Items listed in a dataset
----

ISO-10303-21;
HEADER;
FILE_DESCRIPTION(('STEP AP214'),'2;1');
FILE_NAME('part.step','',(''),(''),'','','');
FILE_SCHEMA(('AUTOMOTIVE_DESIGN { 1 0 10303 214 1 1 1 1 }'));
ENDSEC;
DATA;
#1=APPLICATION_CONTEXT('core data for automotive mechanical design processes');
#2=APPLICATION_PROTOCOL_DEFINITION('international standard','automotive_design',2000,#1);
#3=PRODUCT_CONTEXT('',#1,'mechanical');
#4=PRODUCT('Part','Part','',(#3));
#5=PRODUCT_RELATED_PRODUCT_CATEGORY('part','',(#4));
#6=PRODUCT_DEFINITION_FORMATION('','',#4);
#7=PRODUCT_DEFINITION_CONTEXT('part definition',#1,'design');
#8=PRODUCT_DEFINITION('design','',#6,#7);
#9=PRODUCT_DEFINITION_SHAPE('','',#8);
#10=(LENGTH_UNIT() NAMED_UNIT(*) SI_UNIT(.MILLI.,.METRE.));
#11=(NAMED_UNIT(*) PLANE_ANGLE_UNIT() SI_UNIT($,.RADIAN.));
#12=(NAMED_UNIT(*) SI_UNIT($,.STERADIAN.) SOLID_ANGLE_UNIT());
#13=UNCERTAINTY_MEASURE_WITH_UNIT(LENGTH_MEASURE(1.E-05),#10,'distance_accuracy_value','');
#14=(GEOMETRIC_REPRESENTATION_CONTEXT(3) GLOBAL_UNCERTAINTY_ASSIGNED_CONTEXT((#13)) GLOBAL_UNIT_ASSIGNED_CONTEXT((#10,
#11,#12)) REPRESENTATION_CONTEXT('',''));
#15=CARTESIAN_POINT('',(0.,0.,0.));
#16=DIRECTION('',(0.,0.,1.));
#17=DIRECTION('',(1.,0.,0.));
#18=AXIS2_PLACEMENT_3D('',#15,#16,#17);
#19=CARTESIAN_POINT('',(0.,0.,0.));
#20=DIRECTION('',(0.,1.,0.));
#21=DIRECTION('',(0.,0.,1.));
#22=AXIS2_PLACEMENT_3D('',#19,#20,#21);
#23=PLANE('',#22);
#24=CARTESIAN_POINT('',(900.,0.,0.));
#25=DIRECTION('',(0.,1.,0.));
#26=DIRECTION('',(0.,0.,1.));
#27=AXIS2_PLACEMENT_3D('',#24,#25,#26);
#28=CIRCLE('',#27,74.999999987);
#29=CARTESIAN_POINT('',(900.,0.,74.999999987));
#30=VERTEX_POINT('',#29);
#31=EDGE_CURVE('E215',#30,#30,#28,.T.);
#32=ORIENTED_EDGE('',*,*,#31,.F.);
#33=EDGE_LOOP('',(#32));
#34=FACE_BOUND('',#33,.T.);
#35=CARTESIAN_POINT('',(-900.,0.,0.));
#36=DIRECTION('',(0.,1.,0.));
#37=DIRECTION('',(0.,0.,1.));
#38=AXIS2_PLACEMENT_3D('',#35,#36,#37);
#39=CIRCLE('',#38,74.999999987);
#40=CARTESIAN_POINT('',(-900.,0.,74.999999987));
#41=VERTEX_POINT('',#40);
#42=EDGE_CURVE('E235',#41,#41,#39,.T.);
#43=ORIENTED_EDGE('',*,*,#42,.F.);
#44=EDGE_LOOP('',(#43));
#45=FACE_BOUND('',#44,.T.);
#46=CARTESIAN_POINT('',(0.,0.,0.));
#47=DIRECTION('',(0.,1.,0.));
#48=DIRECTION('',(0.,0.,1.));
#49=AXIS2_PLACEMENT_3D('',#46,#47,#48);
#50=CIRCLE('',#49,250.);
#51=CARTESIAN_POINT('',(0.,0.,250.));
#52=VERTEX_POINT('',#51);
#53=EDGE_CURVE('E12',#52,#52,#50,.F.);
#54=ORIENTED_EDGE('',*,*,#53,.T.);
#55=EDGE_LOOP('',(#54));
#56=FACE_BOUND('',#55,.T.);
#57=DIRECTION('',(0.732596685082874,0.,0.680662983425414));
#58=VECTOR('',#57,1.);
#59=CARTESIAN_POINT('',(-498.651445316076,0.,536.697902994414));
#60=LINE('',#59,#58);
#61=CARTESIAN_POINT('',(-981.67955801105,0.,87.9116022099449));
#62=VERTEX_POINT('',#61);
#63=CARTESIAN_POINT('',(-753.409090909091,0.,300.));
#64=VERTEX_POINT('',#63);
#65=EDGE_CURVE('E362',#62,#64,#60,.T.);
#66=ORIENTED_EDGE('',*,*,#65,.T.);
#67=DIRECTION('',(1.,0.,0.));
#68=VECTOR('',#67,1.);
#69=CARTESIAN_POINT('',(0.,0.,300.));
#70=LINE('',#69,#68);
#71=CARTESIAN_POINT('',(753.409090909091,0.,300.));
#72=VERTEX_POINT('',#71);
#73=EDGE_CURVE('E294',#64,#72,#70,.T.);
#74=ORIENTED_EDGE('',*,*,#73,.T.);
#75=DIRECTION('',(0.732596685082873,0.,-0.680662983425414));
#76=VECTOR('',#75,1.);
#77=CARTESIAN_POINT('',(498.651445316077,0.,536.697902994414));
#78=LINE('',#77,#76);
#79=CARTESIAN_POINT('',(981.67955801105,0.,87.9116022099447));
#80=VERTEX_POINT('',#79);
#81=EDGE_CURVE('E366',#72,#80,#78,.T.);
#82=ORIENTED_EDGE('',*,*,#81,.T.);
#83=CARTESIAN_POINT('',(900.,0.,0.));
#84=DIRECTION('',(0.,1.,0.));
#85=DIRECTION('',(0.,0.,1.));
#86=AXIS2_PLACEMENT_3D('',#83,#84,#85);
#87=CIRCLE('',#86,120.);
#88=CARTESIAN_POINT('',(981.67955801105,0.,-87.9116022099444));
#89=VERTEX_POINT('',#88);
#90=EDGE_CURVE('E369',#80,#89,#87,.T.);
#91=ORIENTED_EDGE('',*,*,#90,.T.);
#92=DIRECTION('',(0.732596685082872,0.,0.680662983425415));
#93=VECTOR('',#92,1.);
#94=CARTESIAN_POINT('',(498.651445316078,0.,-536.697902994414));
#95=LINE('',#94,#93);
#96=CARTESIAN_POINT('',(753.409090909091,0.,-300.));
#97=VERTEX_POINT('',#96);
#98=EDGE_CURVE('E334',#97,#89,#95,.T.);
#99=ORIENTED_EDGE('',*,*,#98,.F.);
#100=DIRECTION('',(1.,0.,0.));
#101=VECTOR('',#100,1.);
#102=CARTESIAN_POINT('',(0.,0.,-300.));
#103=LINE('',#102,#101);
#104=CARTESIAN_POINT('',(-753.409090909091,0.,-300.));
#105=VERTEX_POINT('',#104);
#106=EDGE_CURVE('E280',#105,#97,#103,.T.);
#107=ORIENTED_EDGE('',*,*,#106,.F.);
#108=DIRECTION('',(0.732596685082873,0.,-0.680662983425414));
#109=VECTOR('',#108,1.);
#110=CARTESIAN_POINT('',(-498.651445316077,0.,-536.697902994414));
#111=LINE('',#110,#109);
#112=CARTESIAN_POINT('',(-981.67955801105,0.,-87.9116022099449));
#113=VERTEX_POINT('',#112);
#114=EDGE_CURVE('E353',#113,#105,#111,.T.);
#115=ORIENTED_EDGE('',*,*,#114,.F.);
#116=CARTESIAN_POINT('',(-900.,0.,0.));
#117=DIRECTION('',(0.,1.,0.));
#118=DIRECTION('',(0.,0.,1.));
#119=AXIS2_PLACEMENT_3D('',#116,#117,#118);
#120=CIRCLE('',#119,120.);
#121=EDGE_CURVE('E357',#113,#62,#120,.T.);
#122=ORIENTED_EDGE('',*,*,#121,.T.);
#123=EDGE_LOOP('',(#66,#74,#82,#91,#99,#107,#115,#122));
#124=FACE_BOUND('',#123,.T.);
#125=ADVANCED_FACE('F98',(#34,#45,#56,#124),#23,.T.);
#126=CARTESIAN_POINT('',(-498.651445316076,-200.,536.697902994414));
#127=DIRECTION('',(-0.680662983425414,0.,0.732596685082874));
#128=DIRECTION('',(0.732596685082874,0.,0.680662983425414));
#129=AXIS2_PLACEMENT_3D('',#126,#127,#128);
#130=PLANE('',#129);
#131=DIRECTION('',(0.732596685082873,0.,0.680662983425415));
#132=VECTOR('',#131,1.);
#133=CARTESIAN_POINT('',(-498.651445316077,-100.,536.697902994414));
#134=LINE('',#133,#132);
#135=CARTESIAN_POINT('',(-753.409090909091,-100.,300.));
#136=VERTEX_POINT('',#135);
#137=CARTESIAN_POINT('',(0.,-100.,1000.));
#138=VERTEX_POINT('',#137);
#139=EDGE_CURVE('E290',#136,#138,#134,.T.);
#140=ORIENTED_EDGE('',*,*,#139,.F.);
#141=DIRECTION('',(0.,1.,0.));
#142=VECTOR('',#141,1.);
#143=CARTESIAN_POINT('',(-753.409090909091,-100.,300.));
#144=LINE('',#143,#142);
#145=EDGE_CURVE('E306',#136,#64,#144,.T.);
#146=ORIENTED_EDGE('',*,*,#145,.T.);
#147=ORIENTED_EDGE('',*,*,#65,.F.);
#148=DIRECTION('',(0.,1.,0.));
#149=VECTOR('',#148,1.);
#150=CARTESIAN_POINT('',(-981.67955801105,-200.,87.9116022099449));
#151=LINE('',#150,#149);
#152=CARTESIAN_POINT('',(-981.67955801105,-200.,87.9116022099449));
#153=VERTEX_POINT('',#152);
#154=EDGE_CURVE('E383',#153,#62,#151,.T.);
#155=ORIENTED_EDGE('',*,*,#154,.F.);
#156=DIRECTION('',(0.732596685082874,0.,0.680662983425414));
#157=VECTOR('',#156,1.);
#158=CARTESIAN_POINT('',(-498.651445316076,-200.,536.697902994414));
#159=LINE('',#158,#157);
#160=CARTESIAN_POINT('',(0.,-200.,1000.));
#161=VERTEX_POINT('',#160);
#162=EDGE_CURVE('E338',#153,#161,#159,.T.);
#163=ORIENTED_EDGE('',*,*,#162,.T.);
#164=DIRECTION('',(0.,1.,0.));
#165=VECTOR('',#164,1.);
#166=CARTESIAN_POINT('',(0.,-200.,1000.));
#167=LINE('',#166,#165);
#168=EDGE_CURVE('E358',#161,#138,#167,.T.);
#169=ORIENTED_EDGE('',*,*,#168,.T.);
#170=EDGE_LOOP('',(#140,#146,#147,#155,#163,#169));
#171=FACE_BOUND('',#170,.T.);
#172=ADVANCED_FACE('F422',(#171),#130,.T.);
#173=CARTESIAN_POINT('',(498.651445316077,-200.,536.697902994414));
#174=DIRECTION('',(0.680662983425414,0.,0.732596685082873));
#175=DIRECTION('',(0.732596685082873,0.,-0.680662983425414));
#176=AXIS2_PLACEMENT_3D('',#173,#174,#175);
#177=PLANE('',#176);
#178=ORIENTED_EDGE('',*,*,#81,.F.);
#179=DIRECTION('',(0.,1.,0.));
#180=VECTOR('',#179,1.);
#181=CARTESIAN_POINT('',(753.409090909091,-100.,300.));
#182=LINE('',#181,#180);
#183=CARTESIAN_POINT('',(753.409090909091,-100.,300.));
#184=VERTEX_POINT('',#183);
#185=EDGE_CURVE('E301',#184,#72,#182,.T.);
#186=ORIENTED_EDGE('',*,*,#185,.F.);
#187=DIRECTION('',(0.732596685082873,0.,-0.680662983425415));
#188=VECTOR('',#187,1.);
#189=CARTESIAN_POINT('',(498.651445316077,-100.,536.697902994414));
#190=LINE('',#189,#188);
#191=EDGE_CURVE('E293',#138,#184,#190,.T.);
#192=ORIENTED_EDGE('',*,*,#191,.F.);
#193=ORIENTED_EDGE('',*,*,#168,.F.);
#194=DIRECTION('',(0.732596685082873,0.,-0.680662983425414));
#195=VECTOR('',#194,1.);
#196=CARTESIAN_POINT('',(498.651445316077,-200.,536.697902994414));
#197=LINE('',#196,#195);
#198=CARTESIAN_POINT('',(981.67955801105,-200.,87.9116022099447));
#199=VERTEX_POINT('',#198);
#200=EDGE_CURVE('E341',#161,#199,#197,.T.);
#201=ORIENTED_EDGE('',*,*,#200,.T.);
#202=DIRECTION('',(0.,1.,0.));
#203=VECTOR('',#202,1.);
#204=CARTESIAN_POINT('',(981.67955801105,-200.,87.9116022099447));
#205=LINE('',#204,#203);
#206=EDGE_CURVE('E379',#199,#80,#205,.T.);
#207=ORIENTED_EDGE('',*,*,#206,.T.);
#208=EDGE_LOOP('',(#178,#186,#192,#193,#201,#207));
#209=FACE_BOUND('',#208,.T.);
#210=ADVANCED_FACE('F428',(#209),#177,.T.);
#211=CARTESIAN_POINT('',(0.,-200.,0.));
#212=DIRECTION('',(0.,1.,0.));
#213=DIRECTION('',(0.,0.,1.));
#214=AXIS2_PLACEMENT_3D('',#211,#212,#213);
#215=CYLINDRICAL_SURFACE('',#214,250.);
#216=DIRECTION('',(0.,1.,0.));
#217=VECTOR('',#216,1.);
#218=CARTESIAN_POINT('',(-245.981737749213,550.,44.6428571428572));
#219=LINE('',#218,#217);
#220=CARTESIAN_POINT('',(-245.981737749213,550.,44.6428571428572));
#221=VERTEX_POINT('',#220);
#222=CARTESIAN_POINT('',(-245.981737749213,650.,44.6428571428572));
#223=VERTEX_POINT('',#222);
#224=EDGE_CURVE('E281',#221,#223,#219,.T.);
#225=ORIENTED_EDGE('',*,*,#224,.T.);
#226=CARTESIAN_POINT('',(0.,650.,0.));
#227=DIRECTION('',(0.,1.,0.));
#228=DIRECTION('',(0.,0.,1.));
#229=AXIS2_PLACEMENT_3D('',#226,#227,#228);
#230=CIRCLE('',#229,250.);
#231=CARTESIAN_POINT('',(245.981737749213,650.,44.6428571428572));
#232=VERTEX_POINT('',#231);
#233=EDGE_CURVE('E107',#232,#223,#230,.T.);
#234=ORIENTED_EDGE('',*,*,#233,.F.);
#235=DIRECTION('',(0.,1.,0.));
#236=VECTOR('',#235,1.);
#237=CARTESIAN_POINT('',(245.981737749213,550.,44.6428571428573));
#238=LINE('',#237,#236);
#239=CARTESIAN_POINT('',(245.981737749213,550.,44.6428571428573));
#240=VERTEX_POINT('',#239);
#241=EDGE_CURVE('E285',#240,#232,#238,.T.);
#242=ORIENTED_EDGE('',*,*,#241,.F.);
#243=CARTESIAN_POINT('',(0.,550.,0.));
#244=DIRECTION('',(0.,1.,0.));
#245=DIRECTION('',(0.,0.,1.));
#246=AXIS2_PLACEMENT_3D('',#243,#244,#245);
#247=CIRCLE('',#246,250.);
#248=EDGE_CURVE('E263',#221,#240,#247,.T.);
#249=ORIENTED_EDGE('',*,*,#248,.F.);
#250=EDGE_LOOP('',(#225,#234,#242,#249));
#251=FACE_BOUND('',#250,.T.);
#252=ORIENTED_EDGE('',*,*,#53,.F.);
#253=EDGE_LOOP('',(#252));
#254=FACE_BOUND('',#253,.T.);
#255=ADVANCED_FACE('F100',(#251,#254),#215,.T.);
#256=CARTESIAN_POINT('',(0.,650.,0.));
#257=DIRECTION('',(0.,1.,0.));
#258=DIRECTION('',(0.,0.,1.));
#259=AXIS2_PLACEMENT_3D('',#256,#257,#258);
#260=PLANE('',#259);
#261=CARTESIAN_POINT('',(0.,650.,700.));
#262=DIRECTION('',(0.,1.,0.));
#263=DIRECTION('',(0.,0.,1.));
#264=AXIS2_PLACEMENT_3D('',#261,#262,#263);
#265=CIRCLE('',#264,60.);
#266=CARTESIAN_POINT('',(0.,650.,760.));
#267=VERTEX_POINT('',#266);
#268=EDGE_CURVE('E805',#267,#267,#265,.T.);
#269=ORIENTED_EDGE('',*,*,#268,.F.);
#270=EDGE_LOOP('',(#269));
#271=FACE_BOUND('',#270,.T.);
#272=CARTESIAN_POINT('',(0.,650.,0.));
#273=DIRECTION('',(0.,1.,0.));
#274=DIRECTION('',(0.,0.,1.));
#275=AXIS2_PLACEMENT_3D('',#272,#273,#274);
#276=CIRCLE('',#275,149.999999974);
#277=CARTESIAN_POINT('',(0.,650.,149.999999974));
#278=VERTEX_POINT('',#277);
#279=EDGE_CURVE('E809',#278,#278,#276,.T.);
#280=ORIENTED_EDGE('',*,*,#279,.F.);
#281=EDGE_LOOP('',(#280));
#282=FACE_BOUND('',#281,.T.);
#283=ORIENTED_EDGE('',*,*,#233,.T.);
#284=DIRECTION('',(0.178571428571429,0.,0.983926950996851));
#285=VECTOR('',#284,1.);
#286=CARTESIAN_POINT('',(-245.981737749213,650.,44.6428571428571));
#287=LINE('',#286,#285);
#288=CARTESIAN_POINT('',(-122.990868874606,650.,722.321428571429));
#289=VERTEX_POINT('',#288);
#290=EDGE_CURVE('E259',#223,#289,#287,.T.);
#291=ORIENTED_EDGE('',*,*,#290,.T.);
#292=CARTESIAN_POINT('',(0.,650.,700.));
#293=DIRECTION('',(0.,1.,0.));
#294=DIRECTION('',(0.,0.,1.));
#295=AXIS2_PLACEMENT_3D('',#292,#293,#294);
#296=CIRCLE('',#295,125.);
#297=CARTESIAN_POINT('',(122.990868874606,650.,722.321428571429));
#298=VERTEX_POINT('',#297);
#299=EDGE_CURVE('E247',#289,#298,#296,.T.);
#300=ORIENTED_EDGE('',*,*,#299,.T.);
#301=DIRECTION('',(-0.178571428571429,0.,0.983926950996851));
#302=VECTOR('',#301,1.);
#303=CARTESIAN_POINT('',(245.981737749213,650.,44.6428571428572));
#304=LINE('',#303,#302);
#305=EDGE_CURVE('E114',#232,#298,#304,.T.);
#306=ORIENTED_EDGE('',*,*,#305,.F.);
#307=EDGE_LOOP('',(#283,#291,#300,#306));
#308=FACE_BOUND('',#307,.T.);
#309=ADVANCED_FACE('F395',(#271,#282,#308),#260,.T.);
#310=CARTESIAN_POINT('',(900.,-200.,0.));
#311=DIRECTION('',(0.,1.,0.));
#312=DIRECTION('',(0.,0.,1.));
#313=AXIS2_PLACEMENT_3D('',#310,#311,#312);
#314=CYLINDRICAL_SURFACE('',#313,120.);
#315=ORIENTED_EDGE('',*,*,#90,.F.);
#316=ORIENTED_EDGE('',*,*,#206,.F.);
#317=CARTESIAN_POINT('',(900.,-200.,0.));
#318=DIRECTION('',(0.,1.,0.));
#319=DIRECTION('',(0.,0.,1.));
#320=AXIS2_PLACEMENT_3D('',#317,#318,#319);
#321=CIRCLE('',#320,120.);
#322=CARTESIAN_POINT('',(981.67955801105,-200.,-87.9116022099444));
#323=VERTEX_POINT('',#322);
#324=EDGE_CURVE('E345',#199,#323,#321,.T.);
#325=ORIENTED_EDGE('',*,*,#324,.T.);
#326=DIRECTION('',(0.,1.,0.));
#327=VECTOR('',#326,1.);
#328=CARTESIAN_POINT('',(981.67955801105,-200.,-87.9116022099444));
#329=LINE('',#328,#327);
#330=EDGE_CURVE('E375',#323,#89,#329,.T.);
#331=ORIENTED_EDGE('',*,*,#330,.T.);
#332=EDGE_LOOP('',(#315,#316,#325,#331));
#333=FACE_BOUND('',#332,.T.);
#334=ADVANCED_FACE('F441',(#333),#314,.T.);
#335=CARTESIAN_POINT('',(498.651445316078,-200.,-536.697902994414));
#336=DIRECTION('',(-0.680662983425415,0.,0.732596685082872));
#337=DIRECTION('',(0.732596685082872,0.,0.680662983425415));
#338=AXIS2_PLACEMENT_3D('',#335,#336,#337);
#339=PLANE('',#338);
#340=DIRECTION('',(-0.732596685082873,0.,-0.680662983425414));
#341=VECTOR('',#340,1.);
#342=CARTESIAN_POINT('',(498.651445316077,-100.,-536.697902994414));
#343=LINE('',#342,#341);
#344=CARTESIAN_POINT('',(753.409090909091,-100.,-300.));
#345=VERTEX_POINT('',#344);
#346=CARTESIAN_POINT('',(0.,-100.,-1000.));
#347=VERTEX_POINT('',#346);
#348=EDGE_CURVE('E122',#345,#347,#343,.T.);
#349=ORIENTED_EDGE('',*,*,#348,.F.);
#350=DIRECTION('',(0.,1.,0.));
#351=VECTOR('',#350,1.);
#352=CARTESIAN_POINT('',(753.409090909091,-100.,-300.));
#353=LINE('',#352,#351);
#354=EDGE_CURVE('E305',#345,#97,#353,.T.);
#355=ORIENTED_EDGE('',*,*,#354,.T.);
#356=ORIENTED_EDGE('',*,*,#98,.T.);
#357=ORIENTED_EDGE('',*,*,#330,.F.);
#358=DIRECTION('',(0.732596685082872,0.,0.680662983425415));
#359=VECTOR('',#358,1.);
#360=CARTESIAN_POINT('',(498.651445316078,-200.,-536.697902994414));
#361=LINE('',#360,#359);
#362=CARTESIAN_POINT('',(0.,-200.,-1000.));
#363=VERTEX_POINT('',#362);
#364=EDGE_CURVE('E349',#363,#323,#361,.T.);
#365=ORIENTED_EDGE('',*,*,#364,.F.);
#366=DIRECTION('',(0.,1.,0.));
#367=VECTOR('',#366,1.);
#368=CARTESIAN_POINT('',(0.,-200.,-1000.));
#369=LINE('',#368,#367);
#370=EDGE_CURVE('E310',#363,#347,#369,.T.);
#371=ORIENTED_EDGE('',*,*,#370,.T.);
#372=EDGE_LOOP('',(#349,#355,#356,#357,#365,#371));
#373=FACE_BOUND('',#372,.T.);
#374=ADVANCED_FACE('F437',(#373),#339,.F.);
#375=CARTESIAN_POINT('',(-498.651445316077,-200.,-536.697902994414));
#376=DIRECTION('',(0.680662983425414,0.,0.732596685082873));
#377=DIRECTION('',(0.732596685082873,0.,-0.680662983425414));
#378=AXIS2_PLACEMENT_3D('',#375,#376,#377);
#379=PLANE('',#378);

----

§ The task: When the line with "#103=LINE('',#102,#101);" is reached in the data above, start copying there, and copy each line exactly until the line with "#109=VECTOR('',#108,1.);" has been copied; copy nothing else.

§ Result of this exercise:
#103=LINE('',#102,#101);
#104=CARTESIAN_POINT('',(-753.409090909091,0.,-300.));
#105=VERTEX_POINT('',#104);
#106=EDGE_CURVE('E280',#105,#97,#103,.T.);
#107=ORIENTED_EDGE('',*,*,#106,.F.);
#108=DIRECTION('',(0.732596685082873,0.,-0.680662983425414));
#109=VECTOR('',#108,1.);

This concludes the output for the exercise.